Part of the Machine Learning Intro series:

  1. How to Evaluate the Performance of ML Models
  2. Entropy, KL Divergence and Cross EntropyThis post!

Introduction Link to this heading

Entropy discussed here is different from the entropy in thermodynamics. Entropy in thermodynamics is a measure of the disorder of a system. Entropy in information theory is a measure of the uncertainty of a random variable, or the average information of a random variable.

For Machine-Learning learners, if you are not interested in the mathematical details, you can skip the next two sections and go to the section of “Cross Entropy”.

Entropy Link to this heading

Entropy is a measure of the “self-inofrmation”. It is defined as: $$ H(X) = -\sum_{x\in X}p(x)\log p(x) $$ where $X$ is a random variable, $p(x)$ is the probability of $x$.

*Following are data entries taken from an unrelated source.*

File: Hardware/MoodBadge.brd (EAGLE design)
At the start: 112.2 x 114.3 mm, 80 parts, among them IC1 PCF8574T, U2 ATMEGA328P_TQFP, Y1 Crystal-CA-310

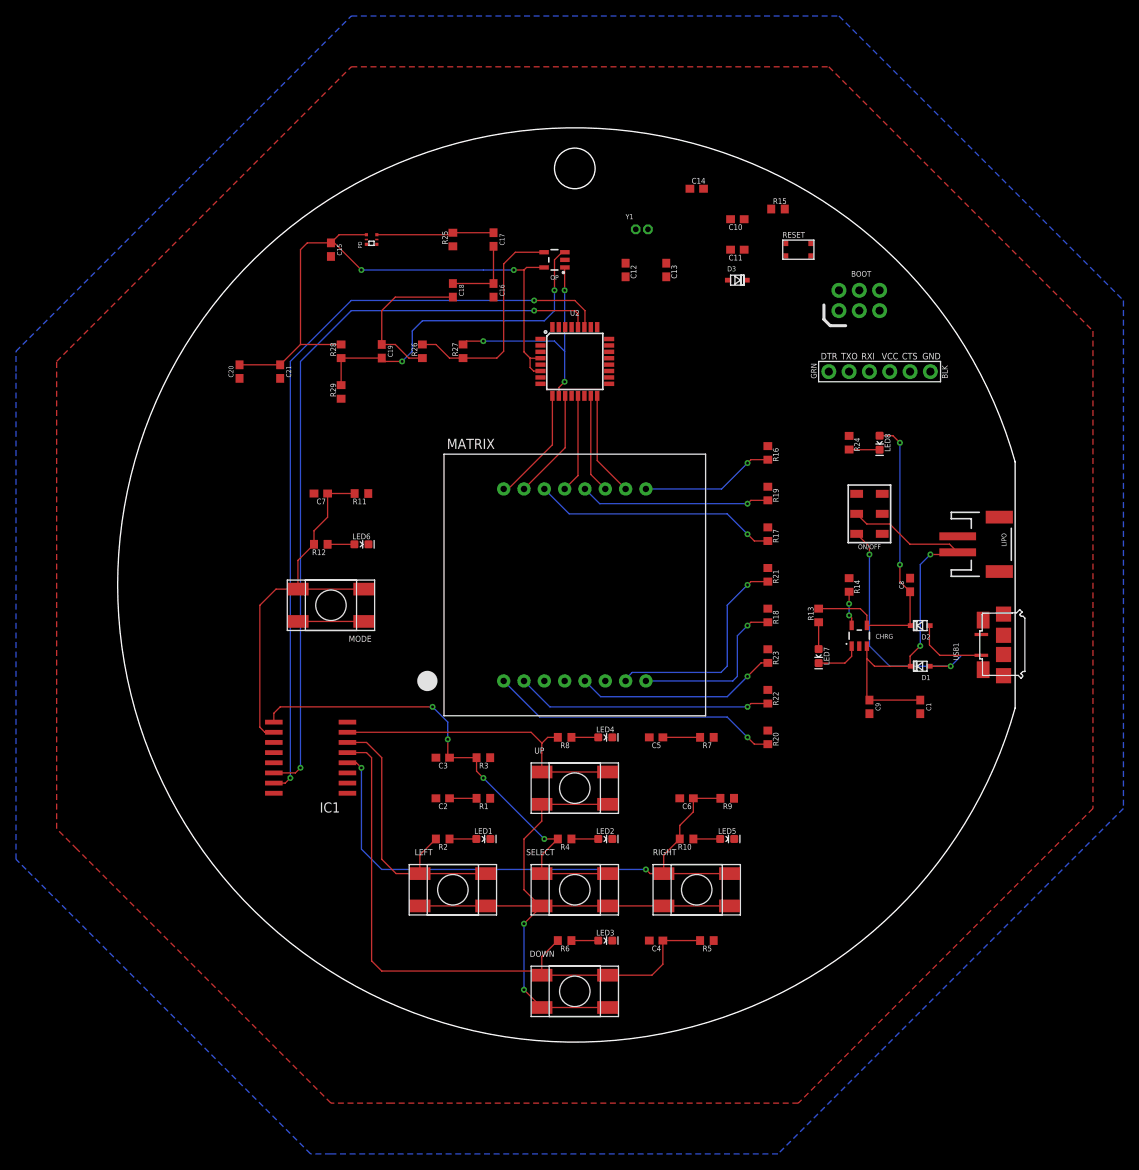
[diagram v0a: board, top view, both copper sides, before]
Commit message: Finished creating traces and filled copper pour
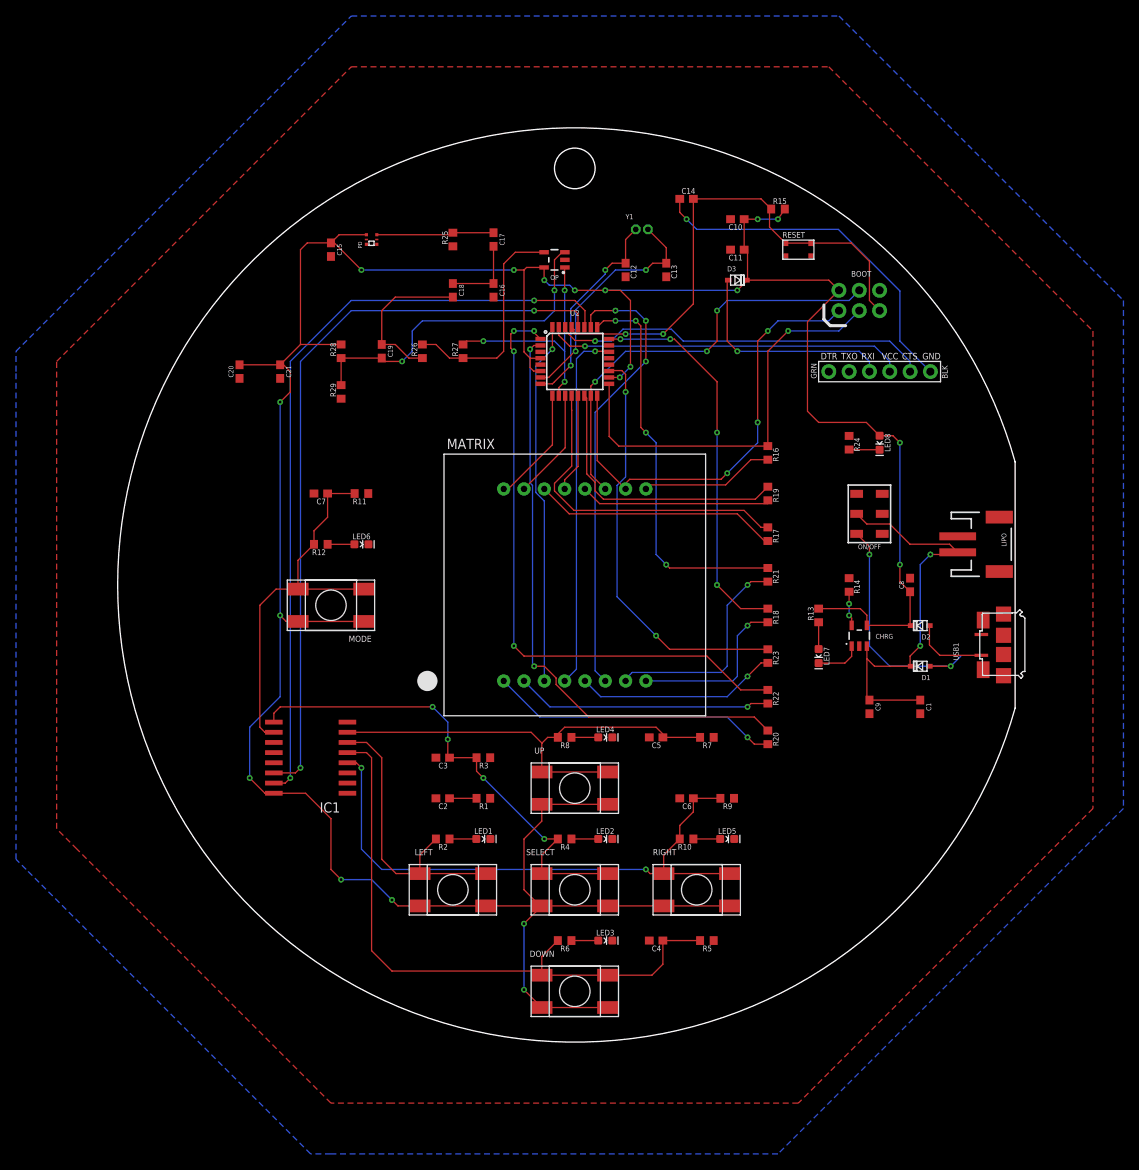
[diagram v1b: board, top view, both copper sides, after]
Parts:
- moved C14 1.80 mm to (14.0, 48.3)
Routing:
- net VCC: track 210.6 -> 395.3 mm, vias 6 -> 19
- net LD2: track 0.00 -> 77.6 mm, vias 0 -> 4
- net LD1: track 0.00 -> 74.3 mm, vias 0 -> 2
- net RESET: track 0.00 -> 64.2 mm, vias 0 -> 2
- net LD6: track 0.00 -> 57.3 mm, vias 0 -> 3
- net LD9: track 0.00 -> 52.3 mm, vias 0 -> 1
- net LD5: track 0.00 -> 52.1 mm, vias 0 -> 2
- net LD7: track 0.00 -> 50.1 mm, vias 0 -> 4
- net LD8: track 0.00 -> 48.7 mm, vias 0 -> 4
- net RXD: track 0.00 -> 47.8 mm, vias 0 -> 1
- net LD3: track 0.00 -> 45.5 mm, vias 0 -> 1
- net LD4: track 0.00 -> 45.4 mm, vias 0 -> 1
- net TXD: track 0.00 -> 45.0 mm, vias 0 -> 1
- net DTR: track 0.00 -> 44.9 mm, vias 0 -> 1
- net LD10: track 13.1 -> 56.9 mm, vias 0 -> 3
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
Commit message: Adjusted trace width and ran DRC
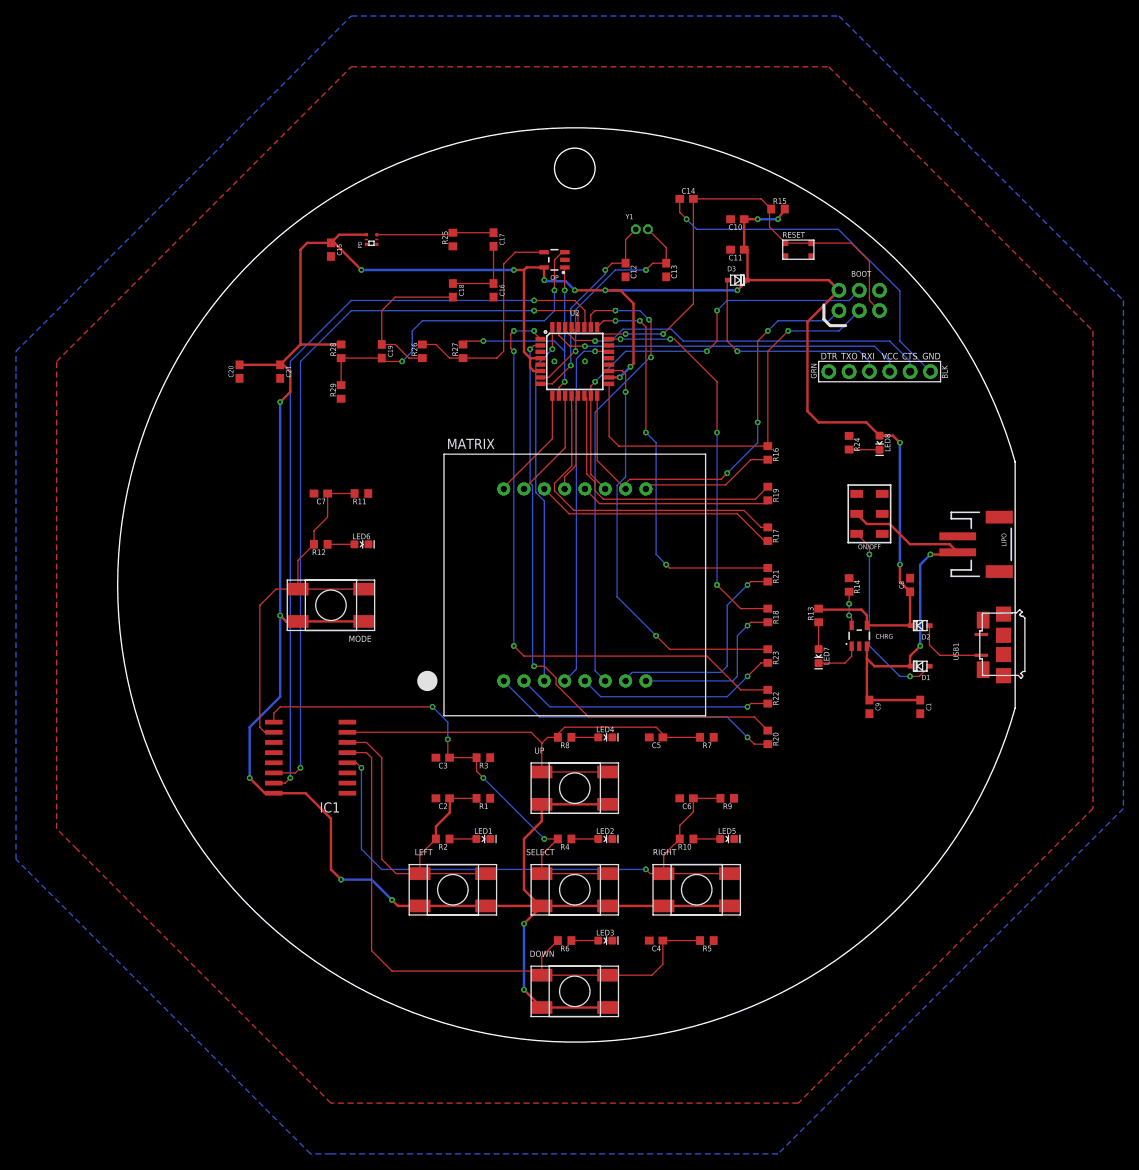
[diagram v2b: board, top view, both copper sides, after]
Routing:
- net N$2: track 30.3 -> 24.3 mm
- net LEFT: track 40.1 -> 45.9 mm
- net LD6: track 57.3 -> 58.2 mm

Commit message: Fixed labeling error for FTDI pins
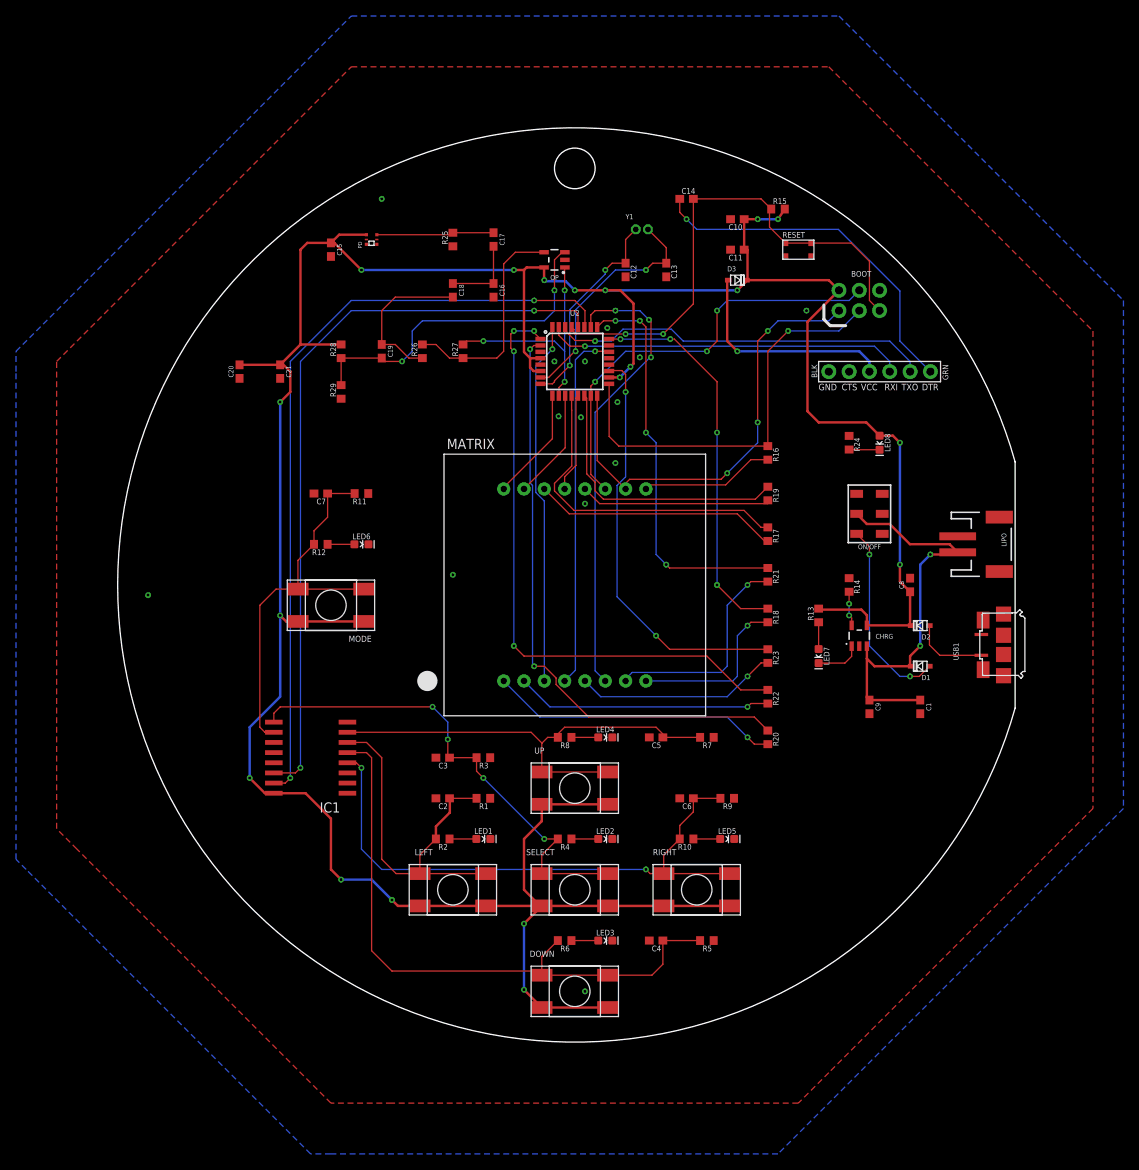
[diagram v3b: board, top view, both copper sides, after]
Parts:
- turned FTDI2 to 180 degrees
- renumbered FTDI1 to FTDI2
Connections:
- net DTR: now also FTDI2.DTR; no longer FTDI2.GND
- net GND: now also FTDI2.CTS, FTDI2.GND; no longer FTDI2.DTR, FTDI2.TXO
- net N$12: now also FTDI2.VCC; no longer FTDI2.RXI
- net RXD: now also FTDI2.TXO; no longer FTDI2.CTS
- net TXD: now also FTDI2.RXI; no longer FTDI2.VCC
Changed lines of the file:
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@@
 <attribute name="VALUE" x="19.05" y="36.435" size="0.635" layer="27"/>
 </element>
-<element name="FTDI1" library="LinnesLab-Connectors" package="FTDI_DEVICE" value="FTDI_DEVICE" x="38.1" y="26.67" smashed="yes"/>
 <element name="BOOT" library="LinnesLab-Connectors" package="2X3-NS" package3d_urn="urn:adsk.eagle:package:18167648/2" value="AVR_SPI_PROG_3X2NS" x="35.56" y="35.56" smashed="yes">
 <attribute name="NAME" x="34.544" y="38.5318" size="0.7112" layer="25" ratio="20"/>
@@
 <attribute name="VALUE" x="-2.54" y="43.18" size="0.6096" layer="27" ratio="20" rot="R180" align="bottom-center"/>
 </element>
+<element name="FTDI2" library="LinnesLab-Connectors" package="FTDI_DEVICE" value="FTDI_DEVICE" x="38.1" y="26.67" smashed="yes" rot="R180"/>
 </elements>
 <signals>
@@
 <contactref element="RESET" pad="3"/>
 <contactref element="RESET" pad="4"/>
-<contactref element="FTDI1" pad="DTR"/>
-<contactref element="FTDI1" pad="TXO"/>
 <contactref element="BOOT" pad="6"/>
 <contactref element="IC1" pad="8"/>
@@
 <via x="-2.54" y="27.94" extent="1-16" drill="0.35"/>
 <via x="1.27" y="27.94" extent="1-16" drill="0.35"/>
+<via x="0.762" y="20.955" extent="1-16" drill="0.35"/>
+<via x="-2.032" y="21.082" extent="1-16" drill="0.35"/>
+<via x="8.128" y="28.448" extent="1-16" drill="0.35"/>
+<via x="5.334" y="22.86" extent="1-16" drill="0.35"/>
+<via x="5.08" y="15.24" extent="1-16" drill="0.35"/>
+<via x="1.27" y="10.16" extent="1-16" drill="0.35"/>
+<via x="4.064" y="32.131" extent="1-16" drill="0.35"/>
+<via x="28.956" y="34.29" extent="1-16" drill="0.35"/>
+<via x="-24.13" y="48.26" extent="1-16" drill="0.35"/>
+<via x="-53.34" y="-1.27" extent="1-16" drill="0.35"/>
+<via x="1.27" y="-50.8" extent="1-16" drill="0.35"/>
+<via x="-15.24" y="1.27" extent="1-16" drill="0.35"/>
+<contactref element="FTDI2" pad="CTS"/>
+<contactref element="FTDI2" pad="GND"/>
 </signal>
 <signal name="VLIPO" class="1">
@@
 <signal name="DTR">
 <contactref element="C14" pad="1"/>
-<contactref element="FTDI1" pad="GND"/>
 <wire x1="13.12" y1="48.26" x2="13.12" y2="46.57" width="0.1524" layer="1"/>
 <wire x1="13.12" y1="46.57" x2="13.97" y2="45.72" width="0.1524" layer="1"/>
@@
 <wire x1="32.94106875" y1="44.45" x2="40.64" y2="36.75106875" width="0.1524" layer="16"/>
 <wire x1="40.64" y1="36.75106875" x2="40.64" y2="30.48" width="0.1524" layer="16"/>
+<contactref element="FTDI2" pad="DTR"/>
 <wire x1="40.64" y1="30.48" x2="44.45" y2="26.67" width="0.1524" layer="16"/>
 </signal>
@@
 <via x="3.81" y="39.37" extent="1-16" drill="0.35"/>
 <wire x1="-4.2926" y1="25.14" x2="-2.8" y2="25.14" width="0.1524" layer="1"/>
-<via x="-0.508" y="27.432" extent="1-16" drill="0.35"/>
-<wire x1="-0.508" y1="27.432" x2="-0.508" y2="34.544" width="0.1524" layer="16"/>
+<via x="-0.635" y="27.432" extent="1-16" drill="0.35"/>
+<wire x1="-0.635" y1="27.432" x2="-0.635" y2="34.417" width="0.1524" layer="16"/>
 <wire x1="-2.8" y1="25.14" x2="-2.54" y2="25.4" width="0.1524" layer="1"/>
-<wire x1="-2.54" y1="25.4" x2="-0.508" y2="27.432" width="0.1524" layer="1"/>
+<wire x1="-0.635" y1="27.432" x2="-2.54" y2="25.527" width="0.1524" layer="1"/>
+<wire x1="-2.54" y1="25.4" x2="-2.54" y2="25.527" width="0.1524" layer="1"/>
 <wire x1="3.81" y1="38.862" x2="3.81" y2="39.37" width="0.1524" layer="16"/>
-<wire x1="3.81" y1="38.862" x2="-0.508" y2="34.544" width="0.1524" layer="16"/>
+<wire x1="3.81" y1="38.862" x2="-0.635" y2="34.417" width="0.1524" layer="16"/>
 </signal>
 <signal name="LD6">
@@
 <via x="2.54" y="29.21" extent="1-16" drill="0.35"/>
 <wire x1="2.54" y1="29.21" x2="1.143" y2="29.21" width="0.1524" layer="16"/>
-<wire x1="0.2032" y1="-10.5268" x2="-1.27" y2="-12" width="0.1524" layer="16"/>
-<wire x1="0.2032" y1="28.2702" x2="0.2032" y2="-10.5268" width="0.1524" layer="16"/>
-<wire x1="1.143" y1="29.21" x2="0.2032" y2="28.2702" width="0.1524" layer="16"/>
+<wire x1="0.0762" y1="-10.6538" x2="-1.27" y2="-12" width="0.1524" layer="16"/>
+<wire x1="0.0762" y1="28.1432" x2="0.0762" y2="-10.6538" width="0.1524" layer="16"/>
+<wire x1="1.143" y1="29.21" x2="0.0762" y2="28.1432" width="0.1524" layer="16"/>
 </signal>
 <signal name="RXD">
 <contactref element="U2" pad="30"/>
-<contactref element="FTDI1" pad="CTS"/>
-<wire x1="41.91" y1="27.94" x2="39.37" y2="30.48" width="0.1524" layer="16"/>
-<wire x1="41.91" y1="27.94" x2="41.91" y2="26.67" width="0.1524" layer="16"/>
+<wire x1="39.37" y1="30.48" x2="41.91" y2="27.94" width="0.1524" layer="16"/>
 <via x="2.54" y="30.48" extent="1-16" drill="0.35"/>
 <wire x1="39.37" y1="30.48" x2="13.55815" y2="30.48" width="0.1524" layer="16"/>
@@
 <wire x1="-1.27" y1="31.75" x2="-1.27" y2="32.1626" width="0.1524" layer="1"/>
 <wire x1="-1.27" y1="32.1626" x2="-1.2" y2="32.2326" width="0.1524" layer="1"/>
+<contactref element="FTDI2" pad="TXO"/>
+<wire x1="41.91" y1="27.94" x2="41.91" y2="26.67" width="0.1524" layer="16"/>
 </signal>
 <signal name="TXD">
 <contactref element="U2" pad="31"/>
-<contactref element="FTDI1" pad="VCC"/>
 <wire x1="-2" y1="32.2326" x2="-2" y2="31.21" width="0.1524" layer="1"/>
 <wire x1="-2" y1="31.21" x2="-0.635" y2="29.845" width="0.1524" layer="1"/>
 <via x="1.27" y="29.845" extent="1-16" drill="0.35"/>
-<wire x1="39.37" y1="27.94" x2="39.37" y2="26.67" width="0.1524" layer="16"/>
-<wire x1="39.37" y1="27.94" x2="37.465" y2="29.845" width="0.1524" layer="16"/>
+<wire x1="37.465" y1="29.845" x2="39.37" y2="27.94" width="0.1524" layer="16"/>
 <wire x1="-0.635" y1="29.845" x2="1.27" y2="29.845" width="0.1524" layer="1"/>
 <wire x1="37.465" y1="29.845" x2="1.27" y2="29.845" width="0.1524" layer="16"/>
+<contactref element="FTDI2" pad="RXI"/>
+<wire x1="39.37" y1="27.94" x2="39.37" y2="26.67" width="0.1524" layer="16"/>
 </signal>
 <signal name="LD3">
@@
 <wire x1="4.2926" y1="18.5674" x2="4.2926" y2="25.14" width="0.1524" layer="1"/>
 </signal>
-<signal name="N$12">
+<signal name="N$12" class="1">
 <contactref element="D3" pad="+"/>
-<contactref element="FTDI1" pad="RXI"/>
-<wire x1="36.83" y1="27.94" x2="35.56" y2="29.21" width="0.1524" layer="16"/>
-<wire x1="36.83" y1="27.94" x2="36.83" y2="26.67" width="0.1524" layer="16"/>
-<wire x1="35.56" y1="29.21" x2="20.32" y2="29.21" width="0.1524" layer="16"/>
+<wire x1="35.56" y1="29.21" x2="36.83" y2="27.94" width="0.3048" layer="16"/>
+<wire x1="35.56" y1="29.21" x2="20.32" y2="29.21" width="0.3048" layer="16"/>
 <via x="20.32" y="29.21" extent="1-16" drill="0.35"/>
-<wire x1="20.32" y1="29.21" x2="19.05" y2="30.48" width="0.1524" layer="1"/>
-<wire x1="19.05" y1="30.48" x2="19.05" y2="37.98" width="0.1524" layer="1"/>
-<wire x1="19.05" y1="37.98" x2="19.17" y2="38.1" width="0.1524" layer="1"/>
+<wire x1="20.32" y1="29.21" x2="19.05" y2="30.48" width="0.3048" layer="1"/>
+<wire x1="19.05" y1="30.48" x2="19.05" y2="37.98" width="0.3048" layer="1"/>
+<wire x1="19.05" y1="37.98" x2="19.17" y2="38.1" width="0.3048" layer="1"/>
+<contactref element="FTDI2" pad="VCC"/>
+<wire x1="36.83" y1="27.94" x2="36.83" y2="26.67" width="0.3048" layer="16"/>
 </signal>
 <signal name="N$14">

Intuition Link to this heading

As mentioned, entropy is a measure of the uncertainty of a random variable. The more uncertain the random variable is, the higher the entropy is.

Example1 - Consider a coin and a 6-face dice. The coin has two outcomes, head and tail, each with probability $0.5$. The dice has six outcomes, each with probability $1/6$. The entropy of the coin is: $$ H(\text{coin}) = -0.5\log 0.5 - 0.5\log 0.5 = 1 $$ The entropy of the dice is: $$ H(\text{dice}) = -\frac{1}{6}\log{\frac{1}{6}}\times 6 = 2.58 $$ The entropy of the dice is higher than the entropy of the coin, which means the dice is more uncertain than the coin.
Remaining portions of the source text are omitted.